Task input START

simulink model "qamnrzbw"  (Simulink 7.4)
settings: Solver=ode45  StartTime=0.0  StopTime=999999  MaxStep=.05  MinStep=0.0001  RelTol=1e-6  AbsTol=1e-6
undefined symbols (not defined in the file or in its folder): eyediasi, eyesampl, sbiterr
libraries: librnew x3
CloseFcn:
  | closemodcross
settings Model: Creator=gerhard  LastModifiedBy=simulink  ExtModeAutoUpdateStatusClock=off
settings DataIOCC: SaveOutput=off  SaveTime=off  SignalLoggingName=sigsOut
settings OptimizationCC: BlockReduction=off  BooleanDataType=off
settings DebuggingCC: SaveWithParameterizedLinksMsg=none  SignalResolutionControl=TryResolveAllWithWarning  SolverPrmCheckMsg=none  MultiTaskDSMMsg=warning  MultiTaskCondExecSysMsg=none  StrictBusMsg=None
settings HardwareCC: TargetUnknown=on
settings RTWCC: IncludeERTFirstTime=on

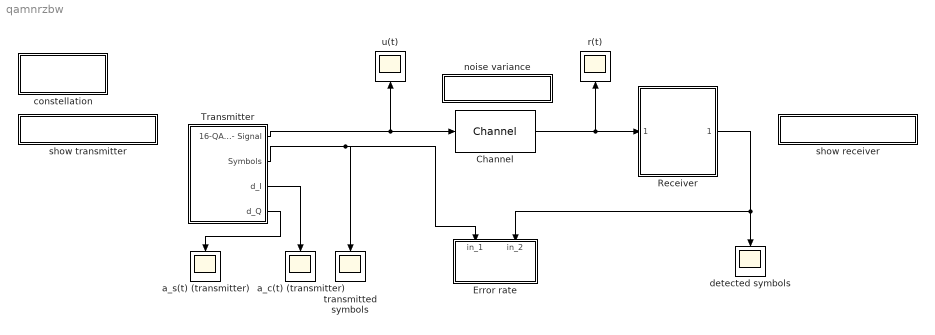
== system qamnrzbw ==
  Channel : librnew/Channel  SystemSampleTime=-1  m=0  variance=0.001  s=12345
  Error rate : Subsystem  LoadFcn=sbiterr([],[],[],'LoadBlock')  StartFcn=sbiterr([],[],[],'Start')  StopFcn=sbiterr([],[],[],'Stop')  mask(Symbol/bit error counter){@1=4, @2=10, @3=1, @4=1}
      mask prompts: @1 "Bit per symbol:"; @2 "Number of digits on display:"; @3 "Delay between 1st port and 2nd port:"; @4 "Sample time (sec):"
      mask help: Use the input data from the 1st port as the reference signal to detect the number of errors and error rate of the 2nd signal.
      mask init:
      | K=@1;num_lin=@2;TDelay=@3;Sample=@4;
      settings: CopyFcn=sbiterr([],[],[],'CopyBlock')  DeleteFcn=sbiterr([],[],[],'DeleteBlock')  NameChangeFcn=sbiterr([],[],[],'NameChange')
      mask Help: The signal from the first port must be a scalar. The second input port can be a vector with a delay to the first port signal. The comparison happens only at the sampling point.
      mask Display: disp('Error\nmeter')
  Receiver : Subsystem
  Transmitter : Subsystem
  a_c(t) (transmitter) : Scope
      settings: TimeRange=25.000000  YMin=-1.5  YMax=1.5  DataFormat=Array
  a_s(t) (transmitter) : Scope
      settings: TimeRange=25.000000  YMin=-1.5  YMax=1.5  DataFormat=Array
  constellation : Subsystem
      settings: OpenFcn=cplotqam(16)
      mask Type: constellation
      mask Display: disp('Signal Space \n Constellation')
  detected symbols : Scope
      settings: TimeRange=25.000000  YMin=-15  YMax=15  DataFormat=Array
  noise variance : Subsystem
      settings: OpenFcn=setnoise
      mask Type: noise
      mask Display: disp('Noise variance')
  r(t) : Scope
      settings: TimeRange=25.000000  YMin=-1.5  YMax=1.5  DataFormat=Array
  show receiver : Subsystem
      settings: OpenFcn=showqamr
      mask Type: open
      mask Display: disp('Receiver')
  show transmitter : Subsystem
      settings: OpenFcn=showqamt
      mask Type: open
      mask Display: disp('Transmitter')
  transmitted symbols : Scope
      settings: TimeRange=25.000000  YMin=-15  YMax=15  DataFormat=Array
  u(t) : Scope
      settings: TimeRange=25.000000  YMin=-1.5  YMax=1.5  DataFormat=Array
  wires:
  Transmitter/1(16-QAM- Signal) -> u(t)/1, Channel/1
  Channel/1 -> Receiver/1(noisy 16-QAM signal), r(t)/1
  Receiver/1(detected symbols) -> detected symbols/1, Error rate/2(in_2)
  Transmitter/4(d_Q) -> a_s(t) (transmitter)/1
  Transmitter/3(d_I) -> a_c(t) (transmitter)/1
  Transmitter/2(Symbols) -> Error rate/1(in_1), transmitted symbols/1

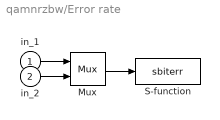
== system qamnrzbw/Error rate ==
  in_1 : Inport  OutDataType=sfix(16)  OutScaling=2^0
  in_2 : Inport  Port=2  OutDataType=sfix(16)  OutScaling=2^0
  Mux : Mux  Inputs=2
  S-function : S-Function  FunctionName=sbiterr  Parameters=num_lin, K, TDelay, Sample  EnableBusSupport=off
  wires:
  Mux/1 -> S-function/1
  in_1/1 -> Mux/1
  in_2/1 -> Mux/2

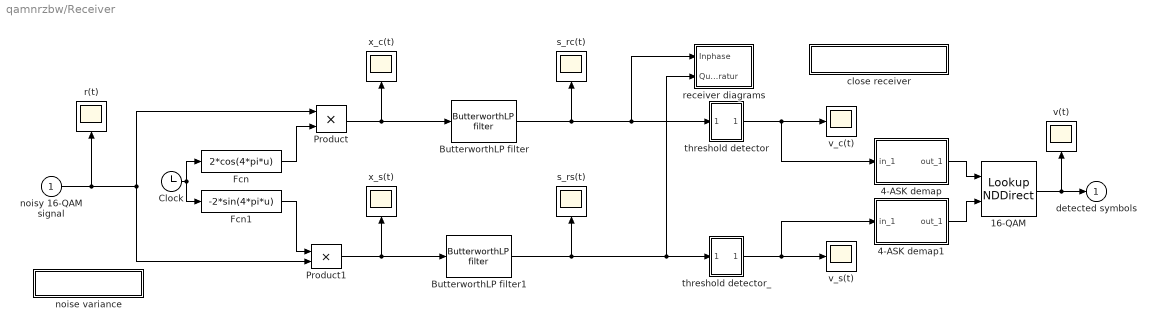
== system qamnrzbw/Receiver ==
  noisy 16-QAM signal : Inport  OutDataType=sfix(16)  OutScaling=2^0
  16-QAM : LookupNDDirect  Table=[0 1 2 3; 4 5 6 7; 8 9 10 11; 12 13 14 15]
  4-ASK demap : Subsystem  mask(MASK demapping){N=4, td=[1, .9]}
      mask prompts: N "M-ary number (digit integers in ranger [0, M-1]):"; td "Output symbol interval and offset (sec):"
      mask help:
      | Reverse the MASK mapping process
      | Convert [-1 1] analog signal to [0, M-1] symbols.
      mask init:
      | Ac=1;sft=[0:N-1]*Ac*2/(N-1)-Ac;
      mask Help: This block demaps a MASK mapped signal back to digit symbols. You can place this block after a amplitude demodulation block. The input of this block is an analog signal in the range [-1, 1]. The demodulation decides the closest integer fitting in [0,M-1] range. When the input symbol interval is a two-elements vector, the second element is offset. The default offset value is 0.
      mask Display: disp('MASK\ndemapping')
  4-ASK demap1 : Subsystem  mask(MASK demapping){N=4, td=[1, .9]}
      mask prompts: N "M-ary number (digit integers in ranger [0, M-1]):"; td "Output symbol interval and offset (sec):"
      mask help:
      | Reverse the MASK mapping process
      | Convert [-1 1] analog signal to [0, M-1] symbols.
      mask init:
      | Ac=1;sft=[0:N-1]*Ac*2/(N-1)-Ac;
      mask Help: This block demaps a MASK mapped signal back to digit symbols. You can place this block after a amplitude demodulation block. The input of this block is an analog signal in the range [-1, 1]. The demodulation decides the closest integer fitting in [0,M-1] range. When the input symbol interval is a two-elements vector, the second element is offset. The default offset value is 0.
      mask Display: disp('MASK\ndemapping')
  ButterworthLP filter : librnew/ButterworthLP filter  SystemSampleTime=-1  n=4  MaskParam1=5
  ButterworthLP filter1 : librnew/ButterworthLP filter  SystemSampleTime=-1  n=4  MaskParam1=5
  Clock : Clock
      settings: Decimation=10
  Fcn : Fcn  Expr=2*cos(4*pi*u)
  Fcn1 : Fcn  Expr=-2*sin(4*pi*u)
  Product : Product  OutDataType=sfix(16)  OutScaling=2^0  SaturateOnIntegerOverflow=on  InputSameDT=on  OutDataTypeStr=Inherit: Same as first input
  Product1 : Product  OutDataType=sfix(16)  OutScaling=2^0  SaturateOnIntegerOverflow=on  InputSameDT=on  OutDataTypeStr=Inherit: Same as first input
  close receiver : Subsystem
      settings: OpenFcn=closqamr
      mask Type: close
      mask Display: disp('close receiver')
  noise variance : Subsystem
      settings: OpenFcn=setnoise
      mask Type: noise
      mask Display: disp('Noise variance')
  r(t) : Scope
      settings: TimeRange=25.000000  YMin=-1.500000  YMax=1.500000  DataFormat=Array
  receiver diagrams : Subsystem  mask(2D-Diagrams){starttime=1, anzahl=40, offset=0.075}
      mask prompts: starttime "Plot start time:"; anzahl "Samples per time slot (2*T):"; offset "Decision offset:"
      mask help: Eye pattern, signal space trajectory and scatter plot
      mask init:
      | [x, y] = srcsicon(10);
      mask Display: plot(0,0,100,100,x,y)
  s_rc(t) : Scope
      settings: TimeRange=25.000000  YMin=-1.500000  YMax=1.500000  DataFormat=Array
  s_rs(t) : Scope
      settings: TimeRange=25.000000  YMin=-1.500000  YMax=1.500000  DataFormat=Array
  threshold detector : Subsystem
  threshold detector_ : Subsystem
  v(t) : Scope
      settings: TimeRange=25.000000  YMin=-15.000000  YMax=15.000000  DataFormat=Array
  v_c(t) : Scope
      settings: TimeRange=25.000000  YMin=-1.500000  YMax=1.500000  DataFormat=Array
  v_s(t) : Scope
      settings: TimeRange=25.000000  YMin=-1.500000  YMax=1.500000  DataFormat=Array
  x_c(t) : Scope
      settings: TimeRange=25.000000  YMin=-1.500000  YMax=1.500000  DataFormat=Array
  x_s(t) : Scope
      settings: TimeRange=25.000000  YMin=-1.500000  YMax=1.500000  DataFormat=Array
  detected symbols : Outport
  wires:
  Clock/1 -> Fcn/1, Fcn1/1
  Product/1 -> x_c(t)/1, ButterworthLP filter/1
  Product1/1 -> x_s(t)/1, ButterworthLP filter1/1
  noisy 16-QAM signal/1 -> r(t)/1, Product/1, Product1/2
  Fcn1/1 -> Product1/1
  Fcn/1 -> Product/2
  ButterworthLP filter/1 -> s_rc(t)/1, receiver diagrams/1(Inphase), threshold detector/1(in_1)
  ButterworthLP filter1/1 -> s_rs(t)/1, receiver diagrams/2(Quadratur), threshold detector_/1(in_1)
  threshold detector/1(out_1) -> v_c(t)/1, 4-ASK demap/1(in_1)
  threshold detector_/1(out_1) -> v_s(t)/1, 4-ASK demap1/1(in_1)
  4-ASK demap/1(out_1) -> 16-QAM/1
  4-ASK demap1/1(out_1) -> 16-QAM/2
  16-QAM/1 -> detected symbols/1, v(t)/1

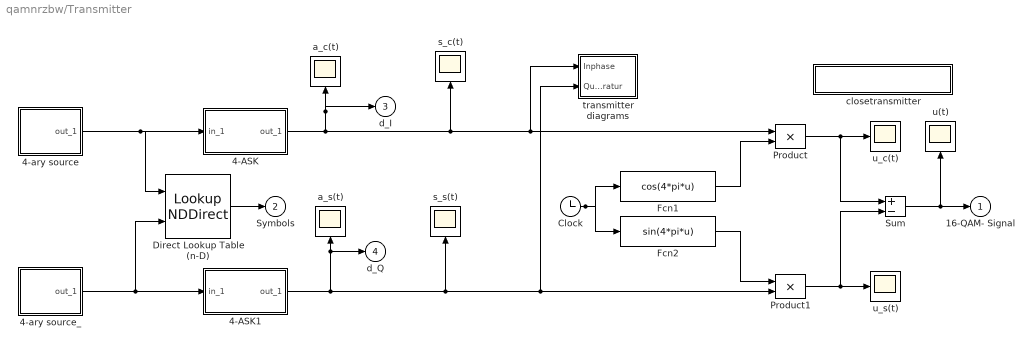
== system qamnrzbw/Transmitter ==
  4-ASK : Subsystem  mask(M-ASK mapping){N=4, td=1}
      mask prompts: N "M-ary number (input integers in range [0, M-1]):"; td "Input symbol interval and offset (sec):"
      mask help:
      | Map a digital symbol onto an analog
      | signal in the range [-1, 1] using M-ary
      | amplitude shift keying modulation mapping.
      mask init:
      | Ac=1;Kc=Ac*2/(N-1);
      mask Help: This block maps an input digit signal onto a signal in the range [-1, 1]. The coded signal can be modulated using analog\nmodulation blocks. Input digits are in the range [0, M-1], where M is the M-ary number. The input symbol interval can be a two-element vector with the second element being offset. The default value offset is 0. Use the MODMAP function to see the constellation.
      mask Display: disp('MASK\nmapping')
  4-ASK1 : Subsystem  mask(M-ASK mapping){N=4, td=1}
      mask prompts: N "M-ary number (input integers in range [0, M-1]):"; td "Input symbol interval and offset (sec):"
      mask help:
      | Map a digital symbol onto an analog
      | signal in the range [-1, 1] using M-ary
      | amplitude shift keying modulation mapping.
      mask init:
      | Ac=1;Kc=Ac*2/(N-1);
      mask Help: This block maps an input digit signal onto a signal in the range [-1, 1]. The coded signal can be modulated using analog\nmodulation blocks. Input digits are in the range [0, M-1], where M is the M-ary number. The input symbol interval can be a two-element vector with the second element being offset. The default value offset is 0. Use the MODMAP function to see the constellation.
      mask Display: disp('MASK\nmapping')
  4-ary source : Subsystem  mask(Read from workspace){@1=randint(2000,1,4), @2=1, @3=1, @4=1}
      mask prompts: @1 "Variable (column_number=block_output_length):"; @2 "Data output sample time (sec):"; @3 "Repeat flag (1: repeat read, 0: output zeros after eof)."; @4 "Initial output:"
      mask help:
      | Read from a workspace variable at
      | sampling time point.
      mask init:
      | var=@1;td=@2;ts=td(1);if (length(td)>=2),off=td(2);else off=0;end;cyc=@3;ini=@4;[x,y]=srcsicon(7);
      mask Help: This block reads from a workspace variable at a given sample time. The column number is the block output vector length. When the simulation reaches the end of the variable (eof), the block will cyclically output from the first row of the variable or output zeros based on the repeat flag entree.
      mask Display: plot(0,0,100,100,x,y);disp('Rd wksp')
  4-ary source_ : Subsystem  mask(Read from workspace){@1=randint(2000,1,4), @2=1, @3=1, @4=1}
      mask prompts: @1 "Variable (column_number=block_output_length):"; @2 "Data output sample time (sec):"; @3 "Repeat flag (1: repeat read, 0: output zeros after eof)."; @4 "Initial output:"
      mask help:
      | Read from a workspace variable at
      | sampling time point.
      mask init:
      | var=@1;td=@2;ts=td(1);if (length(td)>=2),off=td(2);else off=0;end;cyc=@3;ini=@4;[x,y]=srcsicon(7);
      mask Help: This block reads from a workspace variable at a given sample time. The column number is the block output vector length. When the simulation reaches the end of the variable (eof), the block will cyclically output from the first row of the variable or output zeros based on the repeat flag entree.
      mask Display: plot(0,0,100,100,x,y);disp('Rd wksp')
  Clock : Clock
      settings: Decimation=10
  Direct Lookup Table (n-D) : LookupNDDirect  Table=[0 1 2 3; 4 5 6 7; 8 9 10 11; 12 13 14 15]
  Fcn1 : Fcn  Expr=cos(4*pi*u)
  Fcn2 : Fcn  Expr=sin(4*pi*u)
  Product : Product  OutDataType=sfix(16)  OutScaling=2^0  SaturateOnIntegerOverflow=on  InputSameDT=on  OutDataTypeStr=Inherit: Same as first input
  Product1 : Product  OutDataType=sfix(16)  OutScaling=2^0  SaturateOnIntegerOverflow=on  InputSameDT=on  OutDataTypeStr=Inherit: Same as first input
  Sum : Sum  Inputs=+-  OutDataType=sfix(16)  OutScaling=2^0  SaturateOnIntegerOverflow=on  InputSameDT=on  OutDataTypeStr=Inherit: Same as first input
  a_c(t) : Scope
      settings: TimeRange=25.000000  YMin=-1.500000  YMax=1.500000  DataFormat=Array
  a_s(t) : Scope
      settings: TimeRange=25.000000  YMin=-1.500000  YMax=1.500000  DataFormat=Array
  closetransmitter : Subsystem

Task input END

### What you should do
Looking at the records above, work out how many lines hold "anzahl" and write only that number.

### Answer for this exercise
2